I'm trying to grasp the intuition behind the definition of variance. It seems plausible that we want to measure how much a random variable deviates from it's expected value. But why using the square exactly?
From what I can see, we are interested in an assignment of the form $X\mapsto E(f(|E(X)-X|))$ for some strictly monotonous $f$ with $f(0)=0$ and $f(1)=1$. Are there any further properties of the variance from which, if used as axioms, we can derive $f(x)=x^2$?
For example, would additiveness w.r.t. independent random variables, i.e. $$E(f(|E(X+Y)-X-Y|))=E(f(|E(X)-X|))+E(f(|E(Y)-Y|))$$ for $X,Y$ independent, suffice as such an axiom?
Yes, additivity for independent random variables does suffice.
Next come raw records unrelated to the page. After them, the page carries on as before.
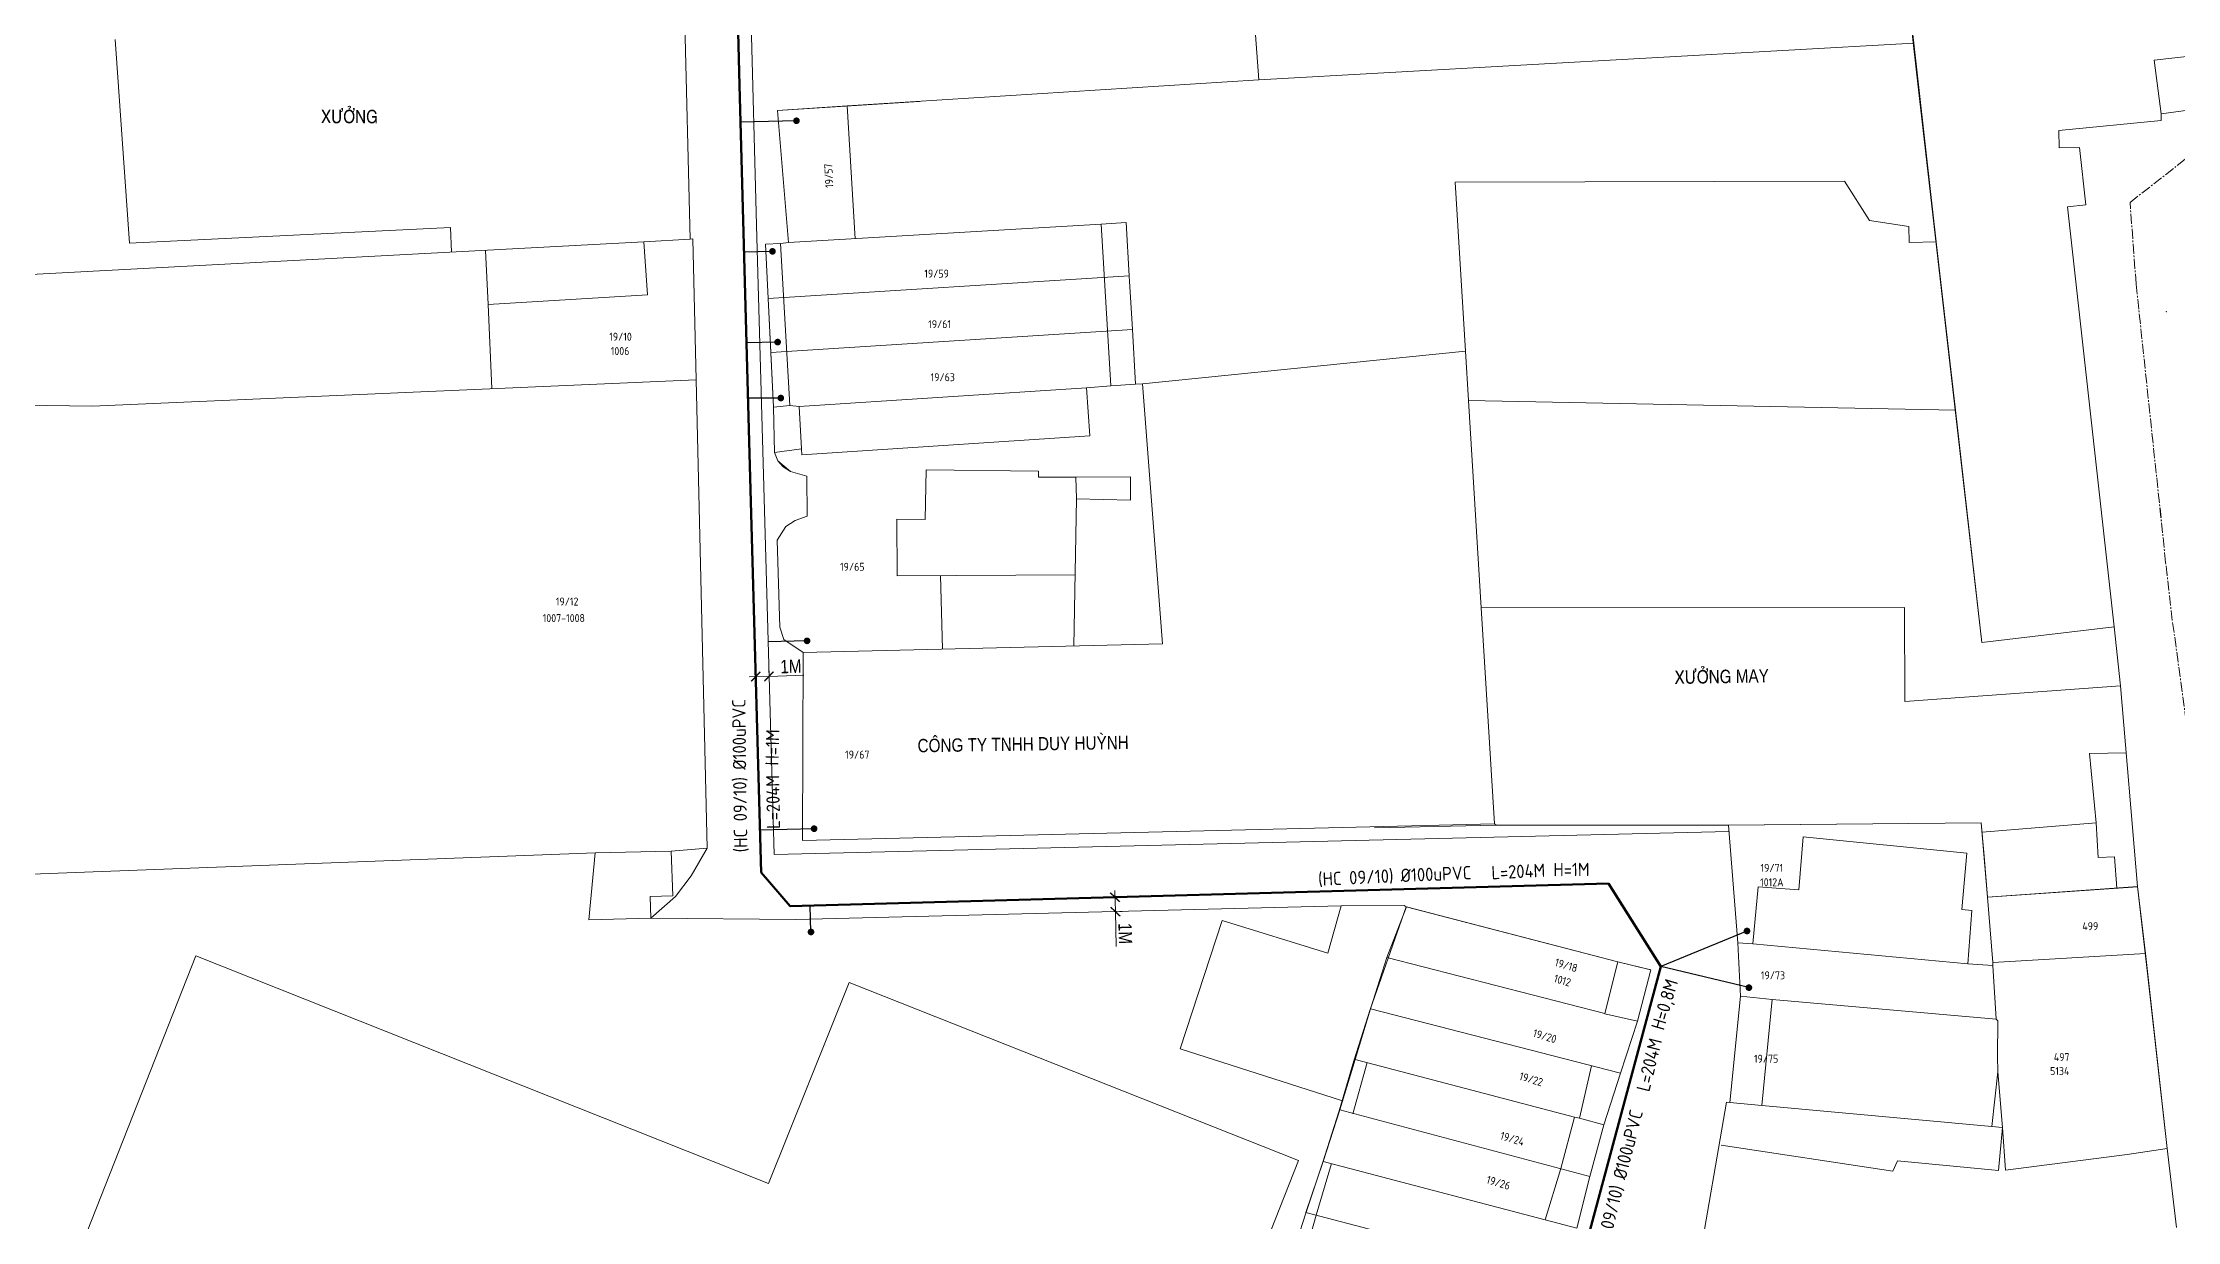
# Model space of a CAD drawing. Header units: inches. Extents: x 595615 to 1194060, y 1190840 to 2385448.
# Drawn here: x 596971.9 to 597132, y 1192465.7 to 1192554.1 of the extents above; entities that cross this region are included whole.
import ezdxf
from ezdxf.enums import TextEntityAlignment as Align

# ---------------------------------------------------------------- set-up
doc = ezdxf.new("R2010")
doc.units = ezdxf.units.IN
doc.header["$MEASUREMENT"] = 0
doc.linetypes.add('CENTER2', pattern=[1.125, 0.75, -0.125, 0.125, -0.125])
doc.layers.get('Defpoints').update_dxf_attribs({"color": 1})
for name, color, linetype, lineweight in [('DN 100 uPVC', 4, 'Continuous', 50), ('DN 25 PE', 40, 'Continuous', 30), ('DOSAU', 2, 'Continuous', 20), ('DUONG CACH LE', 112, 'Continuous', 5), ('NAM-CDAI', 220, 'Continuous', 25), ('Nen tim duong', 9, 'CENTER2', 0), ('Nen_HTHANH-TP', 9, 'Continuous', 0), ('Nen_SN-HTHANH-TP_new', 7, 'Continuous', 0), ('Nen_SN_HTHANH_old', 9, 'Continuous', 0), ('TEXT PIPE', 3, 'Continuous', 25), ('Text_DiaDanh', 9, 'Continuous', 0), ('TLK 15', 220, 'Continuous', 20)]:
    doc.layers.add(name, color=color, linetype=linetype, lineweight=lineweight)
doc.styles.add('Dia Danh', font='VHELVCN_0.TTF', dxfattribs={"height": 1})
doc.styles.add('Sonha_QTB', font='isocp.shx', dxfattribs={"height": 0.6, "bigfont": 'bigfont.shx'})
doc.styles.add('text', font='isocp2.shx')
doc.styles.add('VNI-HC', font='VHELVCN_0.TTF')
doc.dimstyles.new('DUONG KICH THUOC', dxfattribs={"dimtxt": 1, "dimasz": 0.7, "dimexe": 0.5, "dimexo": 0.3, "dimgap": 0.2, "dimtad": 1, "dimzin": 0, "dimdsep": 46, "dimtxsty": 'VNI-HC', "dimblk": 'ARCHTICK', "dimcen": 0.09, "dimdle": 0.5, "dimclrd": 256, "dimclre": 256, "dimclrt": 256, "dimadec": 0, "dimazin": 0, "dimtfac": 1, "dimtofl": 0, "dimtmove": 0, "dimatfit": 3, "dimfxl": 1, "dimtolj": 1, "dimtzin": 0, "dimlwd": -1, "dimlwe": -1, "dimarcsym": 0})

# ---------------------------------------------------------------- blocks, each defined once
blk = doc.blocks.new('_ArchTick')
at = {"color": 0, "linetype": 'ByBlock', "const_width": 0.15}
blk.add_lwpolyline([(-0.5, -0.5), (0.5, 0.5)], dxfattribs=at)
blk = doc.blocks.new('*D212')
at = {"layer": 'Defpoints', "color": 0}
for p in [(597052.35, 1192489.99), (597052.38, 1192488.91), (597052.38, 1192488.91)]:
    blk.add_point(p, dxfattribs=at)
at = {"layer": 'DUONG CACH LE'}
for p, q in [((597052.34, 1192490.49), (597052.38, 1192488.91)), ((597052.38, 1192488.91), (597052.44, 1192486.3)), ((597052.65, 1192490), (597052.85, 1192490)), ((597052.68, 1192488.92), (597052.88, 1192488.93))]:
    blk.add_line(p, q, dxfattribs=at)
at = {"layer": 'DUONG CACH LE', "xscale": 0.7, "yscale": 0.7, "zscale": 0.7}
for p, rotation in [((597052.35, 1192489.99), 91.4331640083965), ((597052.38, 1192488.91), 271.4331640083965)]:
    blk.add_blockref('_ArchTick', p, dxfattribs=dict(at, rotation=rotation))
at = {"layer": 'DUONG CACH LE', "insert": (597053.12, 1192487.27), "char_height": 1, "attachment_point": 5, "rotation": 271.4332, "style": 'VNI-HC'}
blk.add_mtext('\\A1;1M', dxfattribs=at)
blk = doc.blocks.new('*D213')
at = {"layer": 'Defpoints', "color": 0}
for p in [(597025.4, 1192506.54), (597026.4, 1192506.56), (597026.4, 1192506.56)]:
    blk.add_point(p, dxfattribs=at)
at = {"layer": 'DUONG CACH LE'}
for p, q in [((597024.9, 1192506.52), (597026.4, 1192506.56)), ((597025.39, 1192506.83), (597025.39, 1192507.03)), ((597026.39, 1192506.86), (597026.39, 1192507.06)), ((597026.4, 1192506.56), (597029.01, 1192506.64))]:
    blk.add_line(p, q, dxfattribs=at)
at = {"layer": 'DUONG CACH LE', "xscale": 0.7, "yscale": 0.7, "zscale": 0.7}
for p, rotation in [((597025.4, 1192506.54), 181.6126468094851), ((597026.4, 1192506.56), 1.61264680948509)]:
    blk.add_blockref('_ArchTick', p, dxfattribs=dict(at, rotation=rotation))
at = {"layer": 'DUONG CACH LE', "insert": (597028.04, 1192507.31), "char_height": 1, "attachment_point": 5, "rotation": 1.6126, "style": 'VNI-HC'}
blk.add_mtext('\\A1;1M', dxfattribs=at)
blk = doc.blocks.new('TLK 15')
at = {"layer": 'TLK 15', "linetype": 'Continuous', "const_width": 0.25}
blk.add_lwpolyline([(-0.125, 0, 1), (0.125, 0, 1)], format="xyb", close=True, dxfattribs=at)

msp = doc.modelspace()

# ---------------------------------------------------------------- linework, layer by layer
at = {"layer": 'DN 100 uPVC'}
msp.add_lwpolyline([(597023.682, 1192570.795), (597024.186, 1192550.908), (597024.932, 1192523.251), (597025.817, 1192491.851), (597027.993, 1192489.314), (597089.354, 1192491.016), (597093.295, 1192484.795), (597074.942, 1192416.456)], dxfattribs=at)
at = {"layer": 'DN 25 PE'}
for p, q in [((597028.458, 1192548.247), (597024.261, 1192548.134)), ((597026.658, 1192538.447), (597024.523, 1192538.389)), ((597027.047, 1192531.642), (597024.707, 1192531.579)), ((597027.284, 1192527.445), (597024.819, 1192527.445)), ((597029.253, 1192509.227), (597026.33, 1192509.145)), ((597029.779, 1192495.133), (597025.728, 1192495.019)), ((597029.547, 1192487.385), (597029.476, 1192489.355)), ((597099.746, 1192487.457), (597093.295, 1192484.795)), ((597099.89, 1192483.206), (597093.295, 1192484.795))]:
    msp.add_line(p, q, dxfattribs=at)
at = {"layer": 'Nen tim duong'}
for p, q in [((597128.474, 1192542.124), (597132.702, 1192545.428)), ((597128.929, 1192536.025), (597128.474, 1192542.124)), ((597131.146, 1192515.106), (597128.929, 1192536.025)), ((597131.146, 1192515.106), (597130.723, 1192519.256)), ((597131.64, 1192510.757), (597131.146, 1192515.106)), ((597131.64, 1192510.757), (597131.146, 1192515.106)), ((597131.64, 1192510.757), (597131.247, 1192514.246)), ((597131.67, 1192510.607), (597132.867, 1192501.868)), ((597131.67, 1192510.607), (597131.931, 1192508.747))]:
    msp.add_line(p, q, dxfattribs=at)
msp.add_point((597131.191, 1192533.916), dxfattribs=at)
at = {"layer": 'Nen_HTHANH-TP', "linetype": 'Continuous'}
for p, q in [((597105.053, 1192617.835), (597112.587, 1192550.801)), ((597024.205, 1192589.633), (597025.475, 1192539.501)), ((597109.505, 1192578.199), (597112.255, 1192554.061)), ((597020.053, 1192556.527), (597020.476, 1192539.377)), ((597020.053, 1192556.527), (597020.476, 1192539.377)), ((597062.793, 1192556.051), (597063.127, 1192551.321)), ((596977.374, 1192554.342), (596978.427, 1192539.053)), ((597112.255, 1192554.061), (597063.127, 1192551.321)), ((597112.255, 1192554.061), (597113.937, 1192539.172)), ((597134.935, 1192553.319), (597130.296, 1192552.796)), ((597130.296, 1192552.796), (597130.799, 1192548.766)), ((597032.268, 1192549.377), (597063.127, 1192551.321)), ((597037.678, 1192549.701), (597027.029, 1192549.022)), ((597112.587, 1192550.801), (597117.351, 1192509.105)), ((597027.029, 1192549.022), (597032.268, 1192549.377)), ((597027.029, 1192549.022), (597027.857, 1192539.103)), ((597027.029, 1192549.022), (597027.857, 1192539.103)), ((597032.268, 1192549.377), (597032.856, 1192539.397)), ((597123.13, 1192547.51), (597130.819, 1192548.266)), ((597133.019, 1192549.078), (597130.799, 1192548.766)), ((597130.799, 1192548.766), (597130.819, 1192548.266)), ((597123.13, 1192547.51), (597123.161, 1192546.22)), ((597123.161, 1192546.22), (597123.13, 1192547.51)), ((597123.161, 1192546.22), (597124.681, 1192546.251)), ((597124.681, 1192546.251), (597123.161, 1192546.22)), ((597124.681, 1192546.251), (597125.154, 1192541.932)), ((597125.154, 1192541.932), (597124.681, 1192546.251)), ((597077.853, 1192543.633), (597107.063, 1192543.717)), ((597077.853, 1192543.633), (597078.633, 1192530.954)), ((597108.935, 1192540.758), (597107.063, 1192543.717)), ((597125.154, 1192541.932), (597123.785, 1192541.79)), ((597125.154, 1192541.932), (597123.785, 1192541.79)), ((597123.785, 1192541.79), (597127.29, 1192510.273)), ((597127.29, 1192510.273), (597123.785, 1192541.79)), ((596978.427, 1192539.053), (597002.506, 1192540.233)), ((597002.506, 1192540.233), (597002.597, 1192538.393)), ((597027.857, 1192539.103), (597051.316, 1192540.482)), ((597051.316, 1192540.482), (597053.175, 1192540.603)), ((597051.316, 1192540.482), (597052.025, 1192528.353)), ((597053.419, 1192536.614), (597053.175, 1192540.603)), ((597111.896, 1192540.311), (597108.935, 1192540.758)), ((597111.917, 1192539.111), (597111.896, 1192540.311)), ((597017.017, 1192539.154), (596970.559, 1192536.677)), ((597005.34, 1192534.475), (597005.127, 1192538.525)), ((597020.476, 1192539.377), (597017.017, 1192539.154)), ((597017.017, 1192539.154), (597017.28, 1192535.184)), ((597020.476, 1192539.377), (597020.696, 1192539.397)), ((597020.476, 1192539.377), (597020.696, 1192539.397)), ((597020.696, 1192539.397), (597020.925, 1192528.817)), ((597020.696, 1192539.397), (597020.925, 1192528.817)), ((597025.475, 1192539.501), (597026.778, 1192493.199)), ((597027.267, 1192539.033), (597026.137, 1192538.992)), ((597027.267, 1192539.033), (597026.137, 1192538.992)), ((597026.137, 1192538.992), (597026.737, 1192526.762)), ((597026.34, 1192534.902), (597026.137, 1192538.992)), ((597027.857, 1192539.103), (597027.267, 1192539.033)), ((597027.267, 1192539.033), (597027.857, 1192539.103)), ((597027.267, 1192539.033), (597027.967, 1192526.883)), ((597111.917, 1192539.111), (597113.937, 1192539.172)), ((597113.937, 1192539.172), (597115.377, 1192526.544)), ((597017.28, 1192535.184), (597005.34, 1192534.475)), ((597026.34, 1192534.902), (597053.419, 1192536.614)), ((597053.652, 1192532.584), (597053.419, 1192536.614)), ((597005.34, 1192534.475), (597005.615, 1192528.155)), ((597026.34, 1192534.902), (597026.34, 1192534.902)), ((597026.533, 1192530.852), (597026.34, 1192534.902)), ((597053.652, 1192532.584), (597026.533, 1192530.852)), ((597053.652, 1192532.584), (597053.895, 1192528.484)), ((597026.533, 1192530.852), (597026.737, 1192526.762)), ((597054.415, 1192528.504), (597078.633, 1192530.954)), ((597078.633, 1192530.954), (597078.856, 1192527.254)), ((597020.925, 1192528.817), (596975.627, 1192526.841)), ((597020.925, 1192528.817), (597021.763, 1192493.668)), ((597020.925, 1192528.817), (597021.763, 1192493.668)), ((597028.657, 1192526.804), (597050.215, 1192528.221)), ((597050.215, 1192528.221), (597052.025, 1192528.353)), ((597050.468, 1192524.611), (597050.215, 1192528.221)), ((597052.025, 1192528.353), (597053.895, 1192528.484)), ((597053.895, 1192528.484), (597054.415, 1192528.504)), ((597054.415, 1192528.504), (597055.921, 1192509.006)), ((597078.856, 1192527.254), (597079.809, 1192511.715)), ((597115.377, 1192526.544), (597078.856, 1192527.254)), ((596975.627, 1192526.841), (596970.516, 1192526.917)), ((597026.737, 1192526.762), (597027.967, 1192526.883)), ((597026.737, 1192526.762), (597027.967, 1192526.883)), ((597026.737, 1192526.762), (597026.809, 1192523.362)), ((597027.967, 1192526.883), (597028.657, 1192526.804)), ((597027.967, 1192526.883), (597028.657, 1192526.804)), ((597028.657, 1192526.804), (597028.829, 1192523.624)), ((597028.657, 1192526.804), (597028.829, 1192523.624)), ((597115.377, 1192526.544), (597117.351, 1192509.105)), ((597028.87, 1192523.184), (597050.468, 1192524.611)), ((597028.829, 1192523.624), (597026.809, 1192523.362)), ((597026.809, 1192523.362), (597027.05, 1192522.742)), ((597026.809, 1192523.362), (597027.05, 1192522.742)), ((597027.05, 1192522.742), (597028.021, 1192521.933)), ((597027.05, 1192522.742), (597027.45, 1192522.293)), ((597027.45, 1192522.293), (597028.021, 1192521.933)), ((597028.829, 1192523.624), (597028.87, 1192523.184)), ((597028.021, 1192521.933), (597029.231, 1192521.574)), ((597028.021, 1192521.933), (597029.231, 1192521.574)), ((597029.231, 1192521.574), (597029.273, 1192518.584)), ((597029.231, 1192521.574), (597029.273, 1192518.584)), ((597038.19, 1192522.051), (597038.103, 1192518.331)), ((597046.611, 1192521.958), (597038.19, 1192522.051)), ((597046.601, 1192521.508), (597046.611, 1192521.958)), ((597049.421, 1192521.51), (597046.601, 1192521.508)), ((597053.521, 1192521.524), (597049.421, 1192521.51)), ((597049.421, 1192521.51), (597049.462, 1192519.87)), ((597053.502, 1192519.784), (597053.521, 1192521.524)), ((597049.271, 1192508.84), (597049.462, 1192519.87)), ((597049.462, 1192519.87), (597053.502, 1192519.784)), ((597027.664, 1192517.813), (597027.005, 1192516.792)), ((597027.664, 1192517.813), (597027.005, 1192516.792)), ((597028.353, 1192518.263), (597027.664, 1192517.813)), ((597028.353, 1192518.263), (597027.664, 1192517.813)), ((597029.273, 1192518.584), (597028.353, 1192518.263)), ((597029.273, 1192518.584), (597028.353, 1192518.263)), ((597038.103, 1192518.331), (597035.993, 1192518.36)), ((597035.993, 1192518.36), (597036.017, 1192514.11)), ((597027.005, 1192516.792), (597027.21, 1192510.252)), ((597027.005, 1192516.792), (597027.21, 1192510.252)), ((597036.017, 1192514.11), (597049.367, 1192514.19)), ((597039.257, 1192514.132), (597039.401, 1192508.602)), ((597079.809, 1192511.715), (597111.559, 1192511.731)), ((597079.809, 1192511.715), (597080.802, 1192495.506)), ((597111.559, 1192511.731), (597111.594, 1192504.681)), ((597027.21, 1192510.252), (597027.511, 1192509.333)), ((597027.21, 1192510.252), (597027.511, 1192509.333)), ((597117.351, 1192509.105), (597127.29, 1192510.273)), ((597117.351, 1192509.105), (597127.29, 1192510.273)), ((597127.29, 1192510.273), (597127.764, 1192505.844)), ((597127.764, 1192505.844), (597127.29, 1192510.273)), ((597027.511, 1192509.333), (597028.951, 1192508.344)), ((597027.511, 1192509.333), (597028.951, 1192508.344)), ((597028.951, 1192508.344), (597028.903, 1192494.254)), ((597028.951, 1192508.344), (597028.903, 1192494.254)), ((597028.951, 1192508.344), (597055.921, 1192509.006)), ((597111.594, 1192504.681), (597127.764, 1192505.844)), ((597127.764, 1192505.844), (597129.046, 1192490.795)), ((597129.046, 1192490.795), (597127.764, 1192505.844)), ((597128.188, 1192500.834), (597125.438, 1192500.772)), ((597125.942, 1192495.562), (597125.438, 1192500.772)), ((597028.903, 1192494.254), (597080.802, 1192495.506)), ((597028.903, 1192494.254), (597080.802, 1192495.506)), ((597080.942, 1192495.396), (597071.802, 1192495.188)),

To simplify matters a bit, we may assume $E[X] = 0$ and $E[Y]=0$.
Let's also assume $X$ and $Y$ are bounded, to avoid questions of existence of expected values. Also, since you only ever use $f$ on absolute values of random variables, we may define $f$ to be an even function on $\mathbb R$. I'll also assume $f$ is continuous. Now you want an even function $f$ such that $E[f(X+Y)] = E[f(X)] + E[f(Y)]$ for bounded independent random variables such that $E[X] = E[Y]=0$. By linearity of expectation, this is equivalent to $E[f(X+Y) - f(X) - f(Y)] = 0$.
In particular, for constants $s$ and $t$, consider independent $X$ and $Y$ such that $P(X=s)=P(X=-s)=1/2$ and $P(Y=t)=P(Y=-t)=1/2$. Then $E[f(X)] = (f(s) + f(-s))/2 = f(s)$, $E[f(Y)] = f(t)$ similarly, and $E[f(X+Y)] = (f(s+t) + f(s-t))/2$. Thus our equation becomes
$$ \dfrac{f(s+t) + f(s-t)}{2} - f(s) - f(t) = 0 $$
Note that for $s=t=0$ we get $f(0) = 0$. Now taking $s = k t$ for integers $k$, we can show by induction that $$ f(k t) = k^2 f(t) $$ and thus for rationals $a/b$, $$f\left(\frac{a}{b}\right) = a^2 f\left(\frac1b\right) = \frac{a^2}{b^2} f(1)$$ By continuity, we extend this to reals: $f(x) = x^2 f(1)$. If you assume the normalization $f(1) = 1$, you have $f(x) = x^2$.
I'm pretty sure that, as with the Cauchy functional equation, the assumption of continuity may be replaced by measurability (and we certainly need $f$ to be measurable, else $E[f(X)]$ would be undefined for, say, uniform random variables).